START Working data
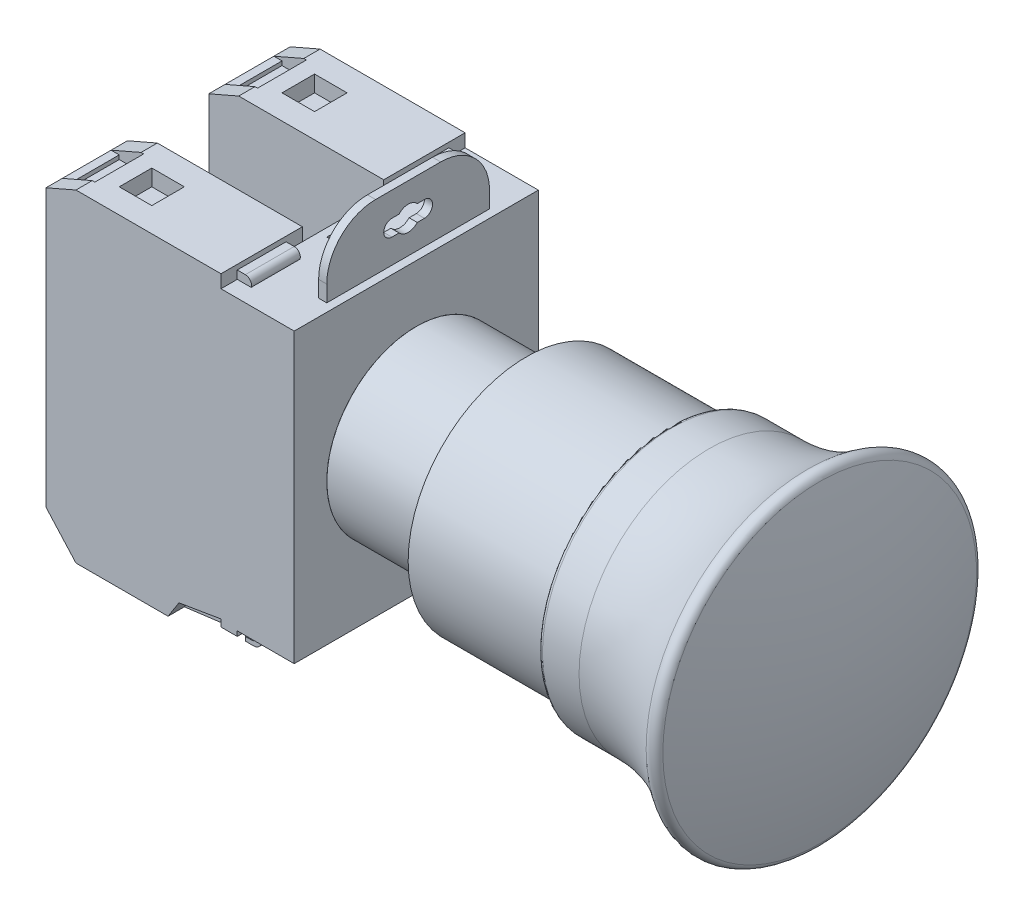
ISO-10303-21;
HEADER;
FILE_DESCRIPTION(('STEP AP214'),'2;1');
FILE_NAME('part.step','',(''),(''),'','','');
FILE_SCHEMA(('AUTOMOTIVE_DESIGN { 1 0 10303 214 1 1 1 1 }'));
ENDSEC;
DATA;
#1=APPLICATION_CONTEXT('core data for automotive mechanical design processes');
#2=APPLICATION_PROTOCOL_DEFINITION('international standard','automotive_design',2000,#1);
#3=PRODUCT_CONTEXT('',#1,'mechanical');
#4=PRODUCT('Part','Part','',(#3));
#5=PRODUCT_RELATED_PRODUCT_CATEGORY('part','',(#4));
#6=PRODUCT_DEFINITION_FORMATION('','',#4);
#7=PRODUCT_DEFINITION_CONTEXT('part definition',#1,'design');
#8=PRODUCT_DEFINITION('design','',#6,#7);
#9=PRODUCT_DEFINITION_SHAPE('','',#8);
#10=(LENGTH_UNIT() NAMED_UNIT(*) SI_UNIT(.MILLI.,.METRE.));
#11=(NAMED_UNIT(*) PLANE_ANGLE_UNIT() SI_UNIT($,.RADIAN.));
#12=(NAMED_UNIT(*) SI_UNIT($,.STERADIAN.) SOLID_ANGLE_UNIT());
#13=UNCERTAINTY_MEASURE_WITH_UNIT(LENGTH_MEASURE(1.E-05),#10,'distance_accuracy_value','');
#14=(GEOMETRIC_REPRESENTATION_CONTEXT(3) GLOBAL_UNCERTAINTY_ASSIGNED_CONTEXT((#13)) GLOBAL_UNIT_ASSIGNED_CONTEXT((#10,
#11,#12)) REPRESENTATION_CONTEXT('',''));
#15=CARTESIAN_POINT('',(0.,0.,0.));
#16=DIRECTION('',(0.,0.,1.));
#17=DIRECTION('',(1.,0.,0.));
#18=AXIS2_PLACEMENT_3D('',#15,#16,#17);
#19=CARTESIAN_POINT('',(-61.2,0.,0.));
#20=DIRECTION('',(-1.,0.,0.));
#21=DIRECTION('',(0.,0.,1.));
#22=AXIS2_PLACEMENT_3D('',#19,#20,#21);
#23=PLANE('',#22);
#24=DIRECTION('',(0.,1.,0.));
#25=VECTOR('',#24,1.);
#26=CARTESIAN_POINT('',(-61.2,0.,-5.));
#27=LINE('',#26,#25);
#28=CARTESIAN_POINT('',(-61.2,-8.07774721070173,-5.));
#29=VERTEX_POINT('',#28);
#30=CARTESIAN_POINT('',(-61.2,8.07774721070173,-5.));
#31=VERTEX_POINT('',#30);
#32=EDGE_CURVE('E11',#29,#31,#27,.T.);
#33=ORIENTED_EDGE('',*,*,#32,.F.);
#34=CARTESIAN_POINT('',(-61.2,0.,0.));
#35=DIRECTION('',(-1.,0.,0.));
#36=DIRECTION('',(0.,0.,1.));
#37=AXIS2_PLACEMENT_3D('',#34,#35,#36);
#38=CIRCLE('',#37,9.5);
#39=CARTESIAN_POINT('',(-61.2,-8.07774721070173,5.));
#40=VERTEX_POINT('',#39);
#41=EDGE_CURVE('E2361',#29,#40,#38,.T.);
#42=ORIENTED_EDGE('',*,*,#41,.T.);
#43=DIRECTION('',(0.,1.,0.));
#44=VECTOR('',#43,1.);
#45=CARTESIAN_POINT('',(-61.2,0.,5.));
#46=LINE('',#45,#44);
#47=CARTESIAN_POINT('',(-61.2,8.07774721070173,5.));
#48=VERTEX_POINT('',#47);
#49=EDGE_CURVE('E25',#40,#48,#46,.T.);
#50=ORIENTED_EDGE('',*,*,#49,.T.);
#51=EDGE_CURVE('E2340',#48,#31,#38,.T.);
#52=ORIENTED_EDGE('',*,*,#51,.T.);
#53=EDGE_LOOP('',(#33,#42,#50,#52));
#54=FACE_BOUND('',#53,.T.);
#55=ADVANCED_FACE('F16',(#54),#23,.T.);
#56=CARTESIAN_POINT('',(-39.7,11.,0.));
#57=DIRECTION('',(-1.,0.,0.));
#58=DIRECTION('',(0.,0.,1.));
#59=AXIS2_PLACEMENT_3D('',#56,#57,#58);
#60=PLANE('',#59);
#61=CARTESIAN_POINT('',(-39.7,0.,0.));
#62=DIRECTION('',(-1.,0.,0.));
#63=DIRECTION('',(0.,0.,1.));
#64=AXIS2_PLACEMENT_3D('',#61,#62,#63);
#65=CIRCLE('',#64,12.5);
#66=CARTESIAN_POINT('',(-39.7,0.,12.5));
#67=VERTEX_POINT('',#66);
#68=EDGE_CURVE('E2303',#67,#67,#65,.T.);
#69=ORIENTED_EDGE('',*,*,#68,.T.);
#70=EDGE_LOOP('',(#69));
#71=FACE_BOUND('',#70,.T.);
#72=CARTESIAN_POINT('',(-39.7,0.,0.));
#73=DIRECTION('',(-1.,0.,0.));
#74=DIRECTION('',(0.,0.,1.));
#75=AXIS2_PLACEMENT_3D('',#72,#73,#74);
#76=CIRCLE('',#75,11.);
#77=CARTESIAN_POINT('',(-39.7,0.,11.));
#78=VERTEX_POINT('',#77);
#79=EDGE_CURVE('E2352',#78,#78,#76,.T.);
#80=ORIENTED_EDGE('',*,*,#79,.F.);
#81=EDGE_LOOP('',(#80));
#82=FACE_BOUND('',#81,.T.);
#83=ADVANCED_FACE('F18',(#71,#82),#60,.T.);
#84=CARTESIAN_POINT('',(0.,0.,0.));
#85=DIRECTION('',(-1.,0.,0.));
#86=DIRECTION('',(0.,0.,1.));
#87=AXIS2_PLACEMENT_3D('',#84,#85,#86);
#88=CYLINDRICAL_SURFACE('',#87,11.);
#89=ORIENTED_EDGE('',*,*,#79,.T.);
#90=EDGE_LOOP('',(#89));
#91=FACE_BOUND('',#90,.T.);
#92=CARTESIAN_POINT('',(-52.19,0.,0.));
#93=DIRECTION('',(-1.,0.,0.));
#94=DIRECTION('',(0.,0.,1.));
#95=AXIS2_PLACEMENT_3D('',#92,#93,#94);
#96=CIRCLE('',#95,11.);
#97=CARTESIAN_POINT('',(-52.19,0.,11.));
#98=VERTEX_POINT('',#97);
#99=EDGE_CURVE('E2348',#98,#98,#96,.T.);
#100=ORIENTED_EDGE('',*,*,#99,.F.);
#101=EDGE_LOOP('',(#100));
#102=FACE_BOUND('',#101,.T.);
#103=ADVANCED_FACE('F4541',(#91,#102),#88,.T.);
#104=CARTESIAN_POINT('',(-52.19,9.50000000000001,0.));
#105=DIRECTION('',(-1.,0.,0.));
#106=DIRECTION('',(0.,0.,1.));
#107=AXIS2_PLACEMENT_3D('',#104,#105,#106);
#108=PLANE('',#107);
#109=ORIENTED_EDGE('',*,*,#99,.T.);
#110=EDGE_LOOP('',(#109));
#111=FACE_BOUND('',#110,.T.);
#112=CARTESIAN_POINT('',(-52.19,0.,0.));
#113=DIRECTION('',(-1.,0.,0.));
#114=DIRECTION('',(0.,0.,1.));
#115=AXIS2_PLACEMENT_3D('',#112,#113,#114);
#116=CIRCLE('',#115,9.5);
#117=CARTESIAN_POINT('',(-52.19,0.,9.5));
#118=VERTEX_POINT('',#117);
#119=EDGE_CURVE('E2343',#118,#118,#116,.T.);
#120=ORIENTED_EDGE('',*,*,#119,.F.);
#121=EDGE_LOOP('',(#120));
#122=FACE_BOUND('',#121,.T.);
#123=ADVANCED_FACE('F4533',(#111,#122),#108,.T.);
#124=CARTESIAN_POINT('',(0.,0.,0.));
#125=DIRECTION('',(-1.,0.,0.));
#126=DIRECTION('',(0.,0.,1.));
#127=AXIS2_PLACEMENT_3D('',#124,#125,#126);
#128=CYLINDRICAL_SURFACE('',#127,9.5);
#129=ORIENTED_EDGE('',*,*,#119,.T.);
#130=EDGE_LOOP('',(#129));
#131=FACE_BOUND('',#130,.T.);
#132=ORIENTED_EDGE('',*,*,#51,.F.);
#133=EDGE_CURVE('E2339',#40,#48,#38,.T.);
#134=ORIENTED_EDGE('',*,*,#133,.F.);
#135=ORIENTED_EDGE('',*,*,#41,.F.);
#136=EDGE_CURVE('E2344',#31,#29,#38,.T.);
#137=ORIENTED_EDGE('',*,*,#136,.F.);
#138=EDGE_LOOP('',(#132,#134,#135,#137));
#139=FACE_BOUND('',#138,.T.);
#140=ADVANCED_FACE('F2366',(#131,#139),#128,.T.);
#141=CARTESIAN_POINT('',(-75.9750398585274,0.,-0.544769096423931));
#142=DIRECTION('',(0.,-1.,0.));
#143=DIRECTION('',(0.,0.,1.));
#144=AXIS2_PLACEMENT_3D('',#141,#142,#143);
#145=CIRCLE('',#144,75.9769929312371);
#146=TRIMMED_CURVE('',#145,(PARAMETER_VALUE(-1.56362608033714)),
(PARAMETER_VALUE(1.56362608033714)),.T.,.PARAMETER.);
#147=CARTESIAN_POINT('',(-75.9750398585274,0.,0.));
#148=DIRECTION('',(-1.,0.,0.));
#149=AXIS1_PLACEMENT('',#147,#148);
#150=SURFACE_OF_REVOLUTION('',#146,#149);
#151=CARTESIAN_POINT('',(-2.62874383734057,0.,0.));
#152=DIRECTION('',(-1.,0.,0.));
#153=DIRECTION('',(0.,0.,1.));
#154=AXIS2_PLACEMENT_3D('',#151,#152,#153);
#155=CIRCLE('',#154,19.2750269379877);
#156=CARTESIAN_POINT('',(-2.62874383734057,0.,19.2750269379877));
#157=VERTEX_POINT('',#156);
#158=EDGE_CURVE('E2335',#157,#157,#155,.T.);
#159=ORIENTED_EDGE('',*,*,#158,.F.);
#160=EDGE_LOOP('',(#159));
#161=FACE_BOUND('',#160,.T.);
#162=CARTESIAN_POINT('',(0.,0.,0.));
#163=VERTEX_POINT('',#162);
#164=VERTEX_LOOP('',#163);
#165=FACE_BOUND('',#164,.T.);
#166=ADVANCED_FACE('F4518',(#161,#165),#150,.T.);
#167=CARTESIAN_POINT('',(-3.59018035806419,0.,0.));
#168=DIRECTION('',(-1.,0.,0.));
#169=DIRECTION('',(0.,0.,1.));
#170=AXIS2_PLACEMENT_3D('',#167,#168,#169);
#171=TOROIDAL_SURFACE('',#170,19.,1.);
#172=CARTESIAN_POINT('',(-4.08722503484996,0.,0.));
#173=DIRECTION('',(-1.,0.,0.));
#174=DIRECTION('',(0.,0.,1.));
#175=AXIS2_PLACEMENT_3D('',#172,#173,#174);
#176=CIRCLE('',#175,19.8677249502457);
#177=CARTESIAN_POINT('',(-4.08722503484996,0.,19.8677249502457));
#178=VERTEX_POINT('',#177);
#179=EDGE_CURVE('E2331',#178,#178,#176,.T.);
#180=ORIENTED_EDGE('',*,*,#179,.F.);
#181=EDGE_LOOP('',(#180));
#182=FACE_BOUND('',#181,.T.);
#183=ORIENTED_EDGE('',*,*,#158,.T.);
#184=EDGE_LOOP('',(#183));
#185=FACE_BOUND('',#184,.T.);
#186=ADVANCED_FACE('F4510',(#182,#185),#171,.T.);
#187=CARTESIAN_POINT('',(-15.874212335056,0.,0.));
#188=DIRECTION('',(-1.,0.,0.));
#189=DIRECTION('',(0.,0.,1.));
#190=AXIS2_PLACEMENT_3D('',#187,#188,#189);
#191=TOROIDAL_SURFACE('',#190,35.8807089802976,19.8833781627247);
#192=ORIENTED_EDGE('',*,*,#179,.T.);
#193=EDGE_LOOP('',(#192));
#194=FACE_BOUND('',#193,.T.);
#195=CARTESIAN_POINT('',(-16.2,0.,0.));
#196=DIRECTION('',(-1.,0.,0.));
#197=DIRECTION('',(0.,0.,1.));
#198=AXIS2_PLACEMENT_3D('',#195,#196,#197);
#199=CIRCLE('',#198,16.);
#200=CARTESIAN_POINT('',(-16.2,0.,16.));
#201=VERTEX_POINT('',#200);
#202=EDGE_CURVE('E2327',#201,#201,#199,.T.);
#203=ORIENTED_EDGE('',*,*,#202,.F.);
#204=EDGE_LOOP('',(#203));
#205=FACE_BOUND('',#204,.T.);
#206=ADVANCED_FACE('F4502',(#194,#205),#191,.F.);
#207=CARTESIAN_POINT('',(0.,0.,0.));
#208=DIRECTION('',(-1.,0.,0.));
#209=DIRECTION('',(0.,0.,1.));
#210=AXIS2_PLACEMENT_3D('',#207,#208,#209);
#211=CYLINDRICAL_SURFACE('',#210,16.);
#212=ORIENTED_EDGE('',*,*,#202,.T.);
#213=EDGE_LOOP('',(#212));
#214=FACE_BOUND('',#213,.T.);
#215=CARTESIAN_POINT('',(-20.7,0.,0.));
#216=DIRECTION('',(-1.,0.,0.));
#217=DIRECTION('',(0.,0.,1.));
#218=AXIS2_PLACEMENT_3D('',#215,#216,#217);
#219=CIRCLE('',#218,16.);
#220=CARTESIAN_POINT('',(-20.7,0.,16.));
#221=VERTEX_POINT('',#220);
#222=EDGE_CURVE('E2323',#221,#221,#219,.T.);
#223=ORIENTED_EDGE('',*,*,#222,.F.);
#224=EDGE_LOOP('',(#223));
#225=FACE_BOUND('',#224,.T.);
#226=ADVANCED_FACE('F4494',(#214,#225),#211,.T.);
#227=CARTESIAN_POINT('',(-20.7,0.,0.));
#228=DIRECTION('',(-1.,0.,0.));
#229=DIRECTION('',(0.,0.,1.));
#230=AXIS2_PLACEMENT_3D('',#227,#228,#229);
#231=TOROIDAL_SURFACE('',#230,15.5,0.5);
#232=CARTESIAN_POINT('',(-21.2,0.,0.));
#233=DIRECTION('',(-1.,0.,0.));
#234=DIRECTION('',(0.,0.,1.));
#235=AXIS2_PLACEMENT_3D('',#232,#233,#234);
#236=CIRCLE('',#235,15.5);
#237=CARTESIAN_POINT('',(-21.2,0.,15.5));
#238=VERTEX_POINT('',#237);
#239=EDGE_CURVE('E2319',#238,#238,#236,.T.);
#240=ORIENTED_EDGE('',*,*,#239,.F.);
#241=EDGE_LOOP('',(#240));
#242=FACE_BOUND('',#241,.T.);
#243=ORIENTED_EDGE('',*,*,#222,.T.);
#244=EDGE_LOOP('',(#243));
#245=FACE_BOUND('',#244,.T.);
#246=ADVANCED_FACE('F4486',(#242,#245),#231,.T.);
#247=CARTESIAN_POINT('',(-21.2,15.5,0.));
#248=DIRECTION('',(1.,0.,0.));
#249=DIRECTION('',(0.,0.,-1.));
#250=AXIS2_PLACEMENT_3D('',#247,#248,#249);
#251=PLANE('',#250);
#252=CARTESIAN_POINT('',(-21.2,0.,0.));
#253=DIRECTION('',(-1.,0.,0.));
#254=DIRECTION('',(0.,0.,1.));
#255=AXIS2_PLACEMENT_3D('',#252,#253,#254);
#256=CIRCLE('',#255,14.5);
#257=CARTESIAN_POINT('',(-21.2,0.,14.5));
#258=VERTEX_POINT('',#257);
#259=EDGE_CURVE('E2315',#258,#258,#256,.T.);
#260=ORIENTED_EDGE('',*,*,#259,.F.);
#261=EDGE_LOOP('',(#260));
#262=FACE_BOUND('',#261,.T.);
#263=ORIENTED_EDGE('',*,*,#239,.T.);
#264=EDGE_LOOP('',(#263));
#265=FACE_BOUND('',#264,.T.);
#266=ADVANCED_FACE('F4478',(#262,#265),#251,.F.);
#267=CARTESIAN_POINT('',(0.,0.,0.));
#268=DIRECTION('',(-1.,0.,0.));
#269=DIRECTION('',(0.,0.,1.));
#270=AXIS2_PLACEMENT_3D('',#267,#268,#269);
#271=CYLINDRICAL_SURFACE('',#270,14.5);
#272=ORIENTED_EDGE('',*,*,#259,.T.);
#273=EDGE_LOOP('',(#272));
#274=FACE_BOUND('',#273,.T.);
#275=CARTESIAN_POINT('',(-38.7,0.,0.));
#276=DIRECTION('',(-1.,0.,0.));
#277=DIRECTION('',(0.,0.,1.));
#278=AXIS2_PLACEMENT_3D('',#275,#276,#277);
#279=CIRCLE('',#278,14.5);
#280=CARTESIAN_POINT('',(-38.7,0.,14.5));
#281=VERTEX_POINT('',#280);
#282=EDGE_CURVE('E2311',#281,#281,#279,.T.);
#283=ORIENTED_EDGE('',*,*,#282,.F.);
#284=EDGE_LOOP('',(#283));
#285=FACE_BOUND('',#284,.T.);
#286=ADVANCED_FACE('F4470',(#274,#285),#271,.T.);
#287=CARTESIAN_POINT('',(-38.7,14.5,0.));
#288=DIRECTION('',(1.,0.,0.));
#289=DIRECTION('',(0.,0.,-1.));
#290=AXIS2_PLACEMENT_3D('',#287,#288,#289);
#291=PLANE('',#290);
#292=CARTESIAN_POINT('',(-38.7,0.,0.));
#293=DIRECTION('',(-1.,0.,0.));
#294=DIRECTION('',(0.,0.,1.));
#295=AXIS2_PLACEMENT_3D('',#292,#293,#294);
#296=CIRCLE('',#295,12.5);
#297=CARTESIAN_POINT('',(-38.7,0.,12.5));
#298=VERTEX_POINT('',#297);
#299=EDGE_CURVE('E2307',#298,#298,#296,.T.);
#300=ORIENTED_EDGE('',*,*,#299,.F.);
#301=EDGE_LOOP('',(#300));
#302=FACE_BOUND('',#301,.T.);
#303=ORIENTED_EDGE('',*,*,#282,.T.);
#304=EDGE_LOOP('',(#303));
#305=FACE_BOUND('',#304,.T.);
END Working data
▸ **Exercise details**
Your answer must be an exact copy of the lines from the start of the entries through the line with "#9=PRODUCT_DEFINITION_SHAPE('','',#8);", with no pictures.

▸ **Solved problem**
ISO-10303-21;
HEADER;
FILE_DESCRIPTION(('STEP AP214'),'2;1');
FILE_NAME('part.step','',(''),(''),'','','');
FILE_SCHEMA(('AUTOMOTIVE_DESIGN { 1 0 10303 214 1 1 1 1 }'));
ENDSEC;
DATA;
#1=APPLICATION_CONTEXT('core data for automotive mechanical design processes');
#2=APPLICATION_PROTOCOL_DEFINITION('international standard','automotive_design',2000,#1);
#3=PRODUCT_CONTEXT('',#1,'mechanical');
#4=PRODUCT('Part','Part','',(#3));
#5=PRODUCT_RELATED_PRODUCT_CATEGORY('part','',(#4));
#6=PRODUCT_DEFINITION_FORMATION('','',#4);
#7=PRODUCT_DEFINITION_CONTEXT('part definition',#1,'design');
#8=PRODUCT_DEFINITION('design','',#6,#7);
#9=PRODUCT_DEFINITION_SHAPE('','',#8);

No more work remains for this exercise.